Sustainability is no different. For me, the key to understanding sustainability is to first understand societies and communities and how we can all work together. After all, even for all our differences and diversities, don’t we still share the same planet? The same sky? The same sun? When we view life, and, more specifically, human life this way, every action we take becomes intrinsically linked not only to each other, but also to our planet. 

As mentioned before I started rambling about what I might have been in a past life, I’ve grown up by the beach. Walking home with bare feet and salt drying in my hair had become a routine by the time I was old enough to swim. As a child, summer meant wading out as the tide retreated to look for rockpools and hunt for crabs. Every stone would be turned over, every fish that swam by would be watched with wide eyes, and even though the seaweed terrified me (something I’ve never quite overcome, even at 20!) I always admired the different ways it grew and floated and carried with it schools of little fish and other creatures. 

Image description: Holly standing in sunglasses and a wetsuit at a stony beach on the north Kent coast.

While I wouldn’t trade these memories for anything, they’ve come with the downside of witnessing first-hand how the state of our marine life has declined over the last two decades I’ve been alive. I’ve been fortunate enough to have parents who always placed emphasis on ‘green behaviour’ and sustainability, and growing up my mum taught me the importance of preservation and reducing waste. One of my fondest memories is the yearly harvests we’d have in the garden, and how putting my hands in the dirt and foraging for potatoes and other root vegetables felt like a strange sort of lucky dip.

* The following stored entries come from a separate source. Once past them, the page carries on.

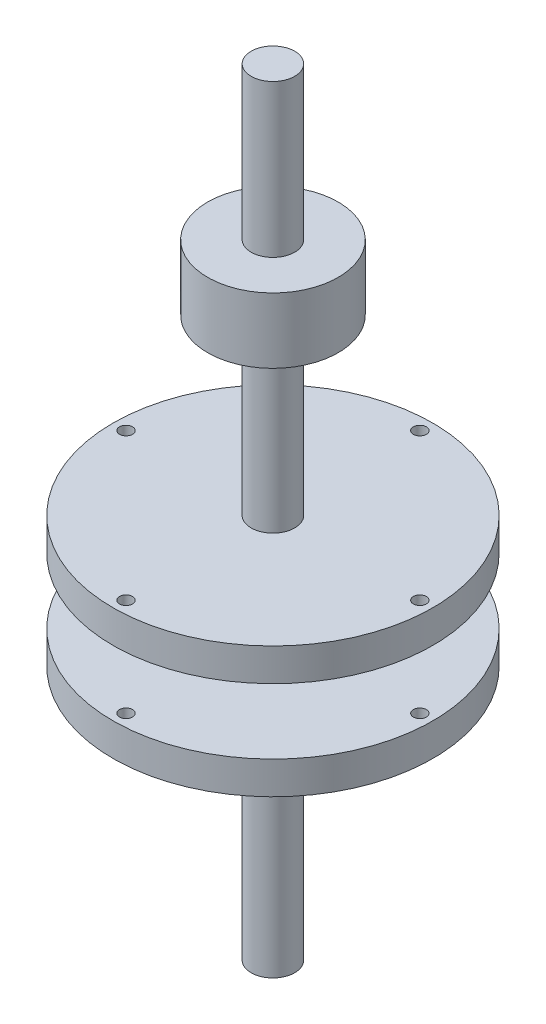
ISO-10303-21;
HEADER;
FILE_DESCRIPTION(('STEP AP214'),'2;1');
FILE_NAME('part.step','',(''),(''),'','','');
FILE_SCHEMA(('AUTOMOTIVE_DESIGN { 1 0 10303 214 1 1 1 1 }'));
ENDSEC;
DATA;
#1=APPLICATION_CONTEXT('core data for automotive mechanical design processes');
#2=APPLICATION_PROTOCOL_DEFINITION('international standard','automotive_design',2000,#1);
#3=PRODUCT_CONTEXT('',#1,'mechanical');
#4=PRODUCT('Part','Part','',(#3));
#5=PRODUCT_RELATED_PRODUCT_CATEGORY('part','',(#4));
#6=PRODUCT_DEFINITION_FORMATION('','',#4);
#7=PRODUCT_DEFINITION_CONTEXT('part definition',#1,'design');
#8=PRODUCT_DEFINITION('design','',#6,#7);
#9=PRODUCT_DEFINITION_SHAPE('','',#8);
#10=(LENGTH_UNIT() NAMED_UNIT(*) SI_UNIT(.MILLI.,.METRE.));
#11=(NAMED_UNIT(*) PLANE_ANGLE_UNIT() SI_UNIT($,.RADIAN.));
#12=(NAMED_UNIT(*) SI_UNIT($,.STERADIAN.) SOLID_ANGLE_UNIT());
#13=UNCERTAINTY_MEASURE_WITH_UNIT(LENGTH_MEASURE(1.E-05),#10,'distance_accuracy_value','');
#14=(GEOMETRIC_REPRESENTATION_CONTEXT(3) GLOBAL_UNCERTAINTY_ASSIGNED_CONTEXT((#13)) GLOBAL_UNIT_ASSIGNED_CONTEXT((#10,
#11,#12)) REPRESENTATION_CONTEXT('',''));
#15=CARTESIAN_POINT('',(0.,0.,0.));
#16=DIRECTION('',(0.,0.,1.));
#17=DIRECTION('',(1.,0.,0.));
#18=AXIS2_PLACEMENT_3D('',#15,#16,#17);
#19=CARTESIAN_POINT('',(0.,223.956756343832,0.));
#20=DIRECTION('',(0.,1.,0.));
#21=DIRECTION('',(-1.,0.,0.));
#22=AXIS2_PLACEMENT_3D('',#19,#20,#21);
#23=CYLINDRICAL_SURFACE('',#22,9.99999999999999);
#24=CARTESIAN_POINT('',(0.,-61.35475,0.));
#25=DIRECTION('',(0.,1.,0.));
#26=DIRECTION('',(-1.,0.,0.));
#27=AXIS2_PLACEMENT_3D('',#24,#25,#26);
#28=CIRCLE('',#27,9.99999999999999);
#29=CARTESIAN_POINT('',(-9.99999999999998,-61.35475,0.));
#30=VERTEX_POINT('',#29);
#31=EDGE_CURVE('E10',#30,#30,#28,.T.);
#32=ORIENTED_EDGE('',*,*,#31,.F.);
#33=EDGE_LOOP('',(#32));
#34=FACE_BOUND('',#33,.T.);
#35=CARTESIAN_POINT('',(0.,-178.35475,0.));
#36=DIRECTION('',(0.,1.,0.));
#37=DIRECTION('',(-1.,0.,0.));
#38=AXIS2_PLACEMENT_3D('',#35,#36,#37);
#39=CIRCLE('',#38,9.99999999999999);
#40=CARTESIAN_POINT('',(-9.99999999999999,-178.35475,0.));
#41=VERTEX_POINT('',#40);
#42=EDGE_CURVE('E100',#41,#41,#39,.T.);
#43=ORIENTED_EDGE('',*,*,#42,.T.);
#44=EDGE_LOOP('',(#43));
#45=FACE_BOUND('',#44,.T.);
#46=ADVANCED_FACE('F39',(#34,#45),#23,.T.);
#47=CARTESIAN_POINT('',(0.,-61.35475,0.));
#48=DIRECTION('',(0.,1.,0.));
#49=DIRECTION('',(-1.,0.,0.));
#50=AXIS2_PLACEMENT_3D('',#47,#48,#49);
#51=PLANE('',#50);
#52=CARTESIAN_POINT('',(67.5,-61.35475,0.));
#53=DIRECTION('',(0.,-1.,0.));
#54=DIRECTION('',(1.,0.,0.));
#55=AXIS2_PLACEMENT_3D('',#52,#53,#54);
#56=CIRCLE('',#55,3.00000000000001);
#57=CARTESIAN_POINT('',(70.5,-61.35475,0.));
#58=VERTEX_POINT('',#57);
#59=EDGE_CURVE('E62',#58,#58,#56,.T.);
#60=ORIENTED_EDGE('',*,*,#59,.F.);
#61=EDGE_LOOP('',(#60));
#62=FACE_BOUND('',#61,.T.);
#63=CARTESIAN_POINT('',(-67.5,-61.35475,0.));
#64=DIRECTION('',(0.,-1.,0.));
#65=DIRECTION('',(1.,0.,0.));
#66=AXIS2_PLACEMENT_3D('',#63,#64,#65);
#67=CIRCLE('',#66,3.00000000000001);
#68=CARTESIAN_POINT('',(-64.5,-61.35475,0.));
#69=VERTEX_POINT('',#68);
#70=EDGE_CURVE('E412',#69,#69,#67,.T.);
#71=ORIENTED_EDGE('',*,*,#70,.F.);
#72=EDGE_LOOP('',(#71));
#73=FACE_BOUND('',#72,.T.);
#74=CARTESIAN_POINT('',(0.,-61.35475,67.5));
#75=DIRECTION('',(0.,-1.,0.));
#76=DIRECTION('',(1.,0.,0.));
#77=AXIS2_PLACEMENT_3D('',#74,#75,#76);
#78=CIRCLE('',#77,3.);
#79=CARTESIAN_POINT('',(3.,-61.35475,67.5));
#80=VERTEX_POINT('',#79);
#81=EDGE_CURVE('E408',#80,#80,#78,.T.);
#82=ORIENTED_EDGE('',*,*,#81,.F.);
#83=EDGE_LOOP('',(#82));
#84=FACE_BOUND('',#83,.T.);
#85=CARTESIAN_POINT('',(0.,-61.35475,-67.5));
#86=DIRECTION('',(0.,-1.,0.));
#87=DIRECTION('',(1.,0.,0.));
#88=AXIS2_PLACEMENT_3D('',#85,#86,#87);
#89=CIRCLE('',#88,3.);
#90=CARTESIAN_POINT('',(3.00000000000001,-61.35475,-67.5));
#91=VERTEX_POINT('',#90);
#92=EDGE_CURVE('E404',#91,#91,#89,.T.);
#93=ORIENTED_EDGE('',*,*,#92,.F.);
#94=EDGE_LOOP('',(#93));
#95=FACE_BOUND('',#94,.T.);
#96=CARTESIAN_POINT('',(0.,-61.3547499999999,0.));
#97=DIRECTION('',(0.,1.,0.));
#98=DIRECTION('',(-1.,0.,0.));
#99=AXIS2_PLACEMENT_3D('',#96,#97,#98);
#100=CIRCLE('',#99,73.5000000000001);
#101=CARTESIAN_POINT('',(-73.5,-61.3547499999999,0.));
#102=VERTEX_POINT('',#101);
#103=EDGE_CURVE('E47',#102,#102,#100,.T.);
#104=ORIENTED_EDGE('',*,*,#103,.F.);
#105=EDGE_LOOP('',(#104));
#106=FACE_BOUND('',#105,.T.);
#107=ORIENTED_EDGE('',*,*,#31,.T.);
#108=EDGE_LOOP('',(#107));
#109=FACE_BOUND('',#108,.T.);
#110=ADVANCED_FACE('F151',(#62,#73,#84,#95,#106,#109),#51,.F.);
#111=CARTESIAN_POINT('',(0.,223.956756343832,0.));
#112=DIRECTION('',(0.,1.,0.));
#113=DIRECTION('',(-1.,0.,0.));
#114=AXIS2_PLACEMENT_3D('',#111,#112,#113);
#115=CYLINDRICAL_SURFACE('',#114,73.5);
#116=ORIENTED_EDGE('',*,*,#103,.T.);
#117=EDGE_LOOP('',(#116));
#118=FACE_BOUND('',#117,.T.);
#119=CARTESIAN_POINT('',(0.,-46.35475,0.));
#120=DIRECTION('',(0.,1.,0.));
#121=DIRECTION('',(-1.,0.,0.));
#122=AXIS2_PLACEMENT_3D('',#119,#120,#121);
#123=CIRCLE('',#122,73.5);
#124=CARTESIAN_POINT('',(-73.5,-46.35475,0.));
#125=VERTEX_POINT('',#124);
#126=EDGE_CURVE('E53',#125,#125,#123,.T.);
#127=ORIENTED_EDGE('',*,*,#126,.F.);
#128=EDGE_LOOP('',(#127));
#129=FACE_BOUND('',#128,.T.);
#130=ADVANCED_FACE('F149',(#118,#129),#115,.T.);
#131=CARTESIAN_POINT('',(0.,-46.35475,0.));
#132=DIRECTION('',(0.,-1.,0.));
#133=DIRECTION('',(1.,0.,0.));
#134=AXIS2_PLACEMENT_3D('',#131,#132,#133);
#135=PLANE('',#134);
#136=CARTESIAN_POINT('',(67.5,-46.35475,0.));
#137=DIRECTION('',(0.,-1.,0.));
#138=DIRECTION('',(1.,0.,0.));
#139=AXIS2_PLACEMENT_3D('',#136,#137,#138);
#140=CIRCLE('',#139,3.00000000000001);
#141=CARTESIAN_POINT('',(70.5,-46.35475,0.));
#142=VERTEX_POINT('',#141);
#143=EDGE_CURVE('E96',#142,#142,#140,.T.);
#144=ORIENTED_EDGE('',*,*,#143,.T.);
#145=EDGE_LOOP('',(#144));
#146=FACE_BOUND('',#145,.T.);
#147=CARTESIAN_POINT('',(-67.5,-46.35475,0.));
#148=DIRECTION('',(0.,-1.,0.));
#149=DIRECTION('',(1.,0.,0.));
#150=AXIS2_PLACEMENT_3D('',#147,#148,#149);
#151=CIRCLE('',#150,3.00000000000001);
#152=CARTESIAN_POINT('',(-64.5,-46.35475,0.));
#153=VERTEX_POINT('',#152);
#154=EDGE_CURVE('E78',#153,#153,#151,.T.);
#155=ORIENTED_EDGE('',*,*,#154,.T.);
#156=EDGE_LOOP('',(#155));
#157=FACE_BOUND('',#156,.T.);
#158=CARTESIAN_POINT('',(0.,-46.35475,67.5));
#159=DIRECTION('',(0.,-1.,0.));
#160=DIRECTION('',(1.,0.,0.));
#161=AXIS2_PLACEMENT_3D('',#158,#159,#160);
#162=CIRCLE('',#161,3.);
#163=CARTESIAN_POINT('',(3.,-46.35475,67.5));
#164=VERTEX_POINT('',#163);
#165=EDGE_CURVE('E72',#164,#164,#162,.T.);
#166=ORIENTED_EDGE('',*,*,#165,.T.);
#167=EDGE_LOOP('',(#166));
#168=FACE_BOUND('',#167,.T.);
#169=CARTESIAN_POINT('',(0.,-46.35475,-67.5));
#170=DIRECTION('',(0.,-1.,0.));
#171=DIRECTION('',(1.,0.,0.));
#172=AXIS2_PLACEMENT_3D('',#169,#170,#171);
#173=CIRCLE('',#172,3.);
#174=CARTESIAN_POINT('',(3.00000000000001,-46.35475,-67.5));
#175=VERTEX_POINT('',#174);
#176=EDGE_CURVE('E67',#175,#175,#173,.T.);
#177=ORIENTED_EDGE('',*,*,#176,.T.);
#178=EDGE_LOOP('',(#177));
#179=FACE_BOUND('',#178,.T.);
#180=CARTESIAN_POINT('',(0.,-46.35475,0.));
#181=DIRECTION('',(0.,1.,0.));
#182=DIRECTION('',(-1.,0.,0.));
#183=AXIS2_PLACEMENT_3D('',#180,#181,#182);
#184=CIRCLE('',#183,9.99999999999999);
#185=CARTESIAN_POINT('',(-9.99999999999998,-46.35475,0.));
#186=VERTEX_POINT('',#185);
#187=EDGE_CURVE('E140',#186,#186,#184,.T.);
#188=ORIENTED_EDGE('',*,*,#187,.F.);
#189=EDGE_LOOP('',(#188));
#190=FACE_BOUND('',#189,.T.);
#191=ORIENTED_EDGE('',*,*,#126,.T.);
#192=EDGE_LOOP('',(#191));
#193=FACE_BOUND('',#192,.T.);
#194=ADVANCED_FACE('F147',(#146,#157,#168,#179,#190,#193),#135,.F.);
#195=CARTESIAN_POINT('',(0.,223.956756343832,0.));
#196=DIRECTION('',(0.,1.,0.));
#197=DIRECTION('',(-1.,0.,0.));
#198=AXIS2_PLACEMENT_3D('',#195,#196,#197);
#199=CYLINDRICAL_SURFACE('',#198,9.99999999999999);
#200=CARTESIAN_POINT('',(0.,-16.35475,0.));
#201=DIRECTION('',(0.,1.,0.));
#202=DIRECTION('',(-1.,0.,0.));
#203=AXIS2_PLACEMENT_3D('',#200,#201,#202);
#204=CIRCLE('',#203,9.99999999999999);
#205=CARTESIAN_POINT('',(-9.99999999999998,-16.35475,0.));
#206=VERTEX_POINT('',#205);
#207=EDGE_CURVE('E136',#206,#206,#204,.T.);
#208=ORIENTED_EDGE('',*,*,#207,.F.);
#209=EDGE_LOOP('',(#208));
#210=FACE_BOUND('',#209,.T.);
#211=ORIENTED_EDGE('',*,*,#187,.T.);
#212=EDGE_LOOP('',(#211));
#213=FACE_BOUND('',#212,.T.);
#214=ADVANCED_FACE('F158',(#210,#213),#199,.T.);
#215=CARTESIAN_POINT('',(0.,-16.35475,0.));
#216=DIRECTION('',(0.,-1.,0.));
#217=DIRECTION('',(1.,0.,0.));
#218=AXIS2_PLACEMENT_3D('',#215,#216,#217);
#219=PLANE('',#218);
#220=CARTESIAN_POINT('',(67.5,-16.35475,0.));
#221=DIRECTION('',(0.,-1.,0.));
#222=DIRECTION('',(1.,0.,0.));
#223=AXIS2_PLACEMENT_3D('',#220,#221,#222);
#224=CIRCLE('',#223,3.00000000000001);
#225=CARTESIAN_POINT('',(70.5,-16.35475,0.));
#226=VERTEX_POINT('',#225);
#227=EDGE_CURVE('E92',#226,#226,#224,.T.);
#228=ORIENTED_EDGE('',*,*,#227,.F.);
#229=EDGE_LOOP('',(#228));
#230=FACE_BOUND('',#229,.T.);
#231=CARTESIAN_POINT('',(-67.5,-16.35475,0.));
#232=DIRECTION('',(0.,-1.,0.));
#233=DIRECTION('',(1.,0.,0.));
#234=AXIS2_PLACEMENT_3D('',#231,#232,#233);
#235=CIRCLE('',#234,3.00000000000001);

This value and appreciation for life is something I want to pass on to other people, in whatever form I can. There is endless beauty in the world around us, and an amount of species that still to this day I can’t quite get my head around. It’s our job, as a society, as a community (there’s that word again!) to uphold and maintain the environments we live in. I’ll never forget the first time I held a bee in my hand, or chased ladybirds through my mum’s flowers, or watched birds and crabs and lizards and insects scuttle across the beaches.

These experiences are human, they are indiscriminate and open to all. Caring for and nurturing nature has the benefit of also teaching us how to care for and nurture each other. We are, after all, one species in a world with thousands of others, and I hope that in my time in the Student Green Office I’ll be able to share even a fraction of these values with you.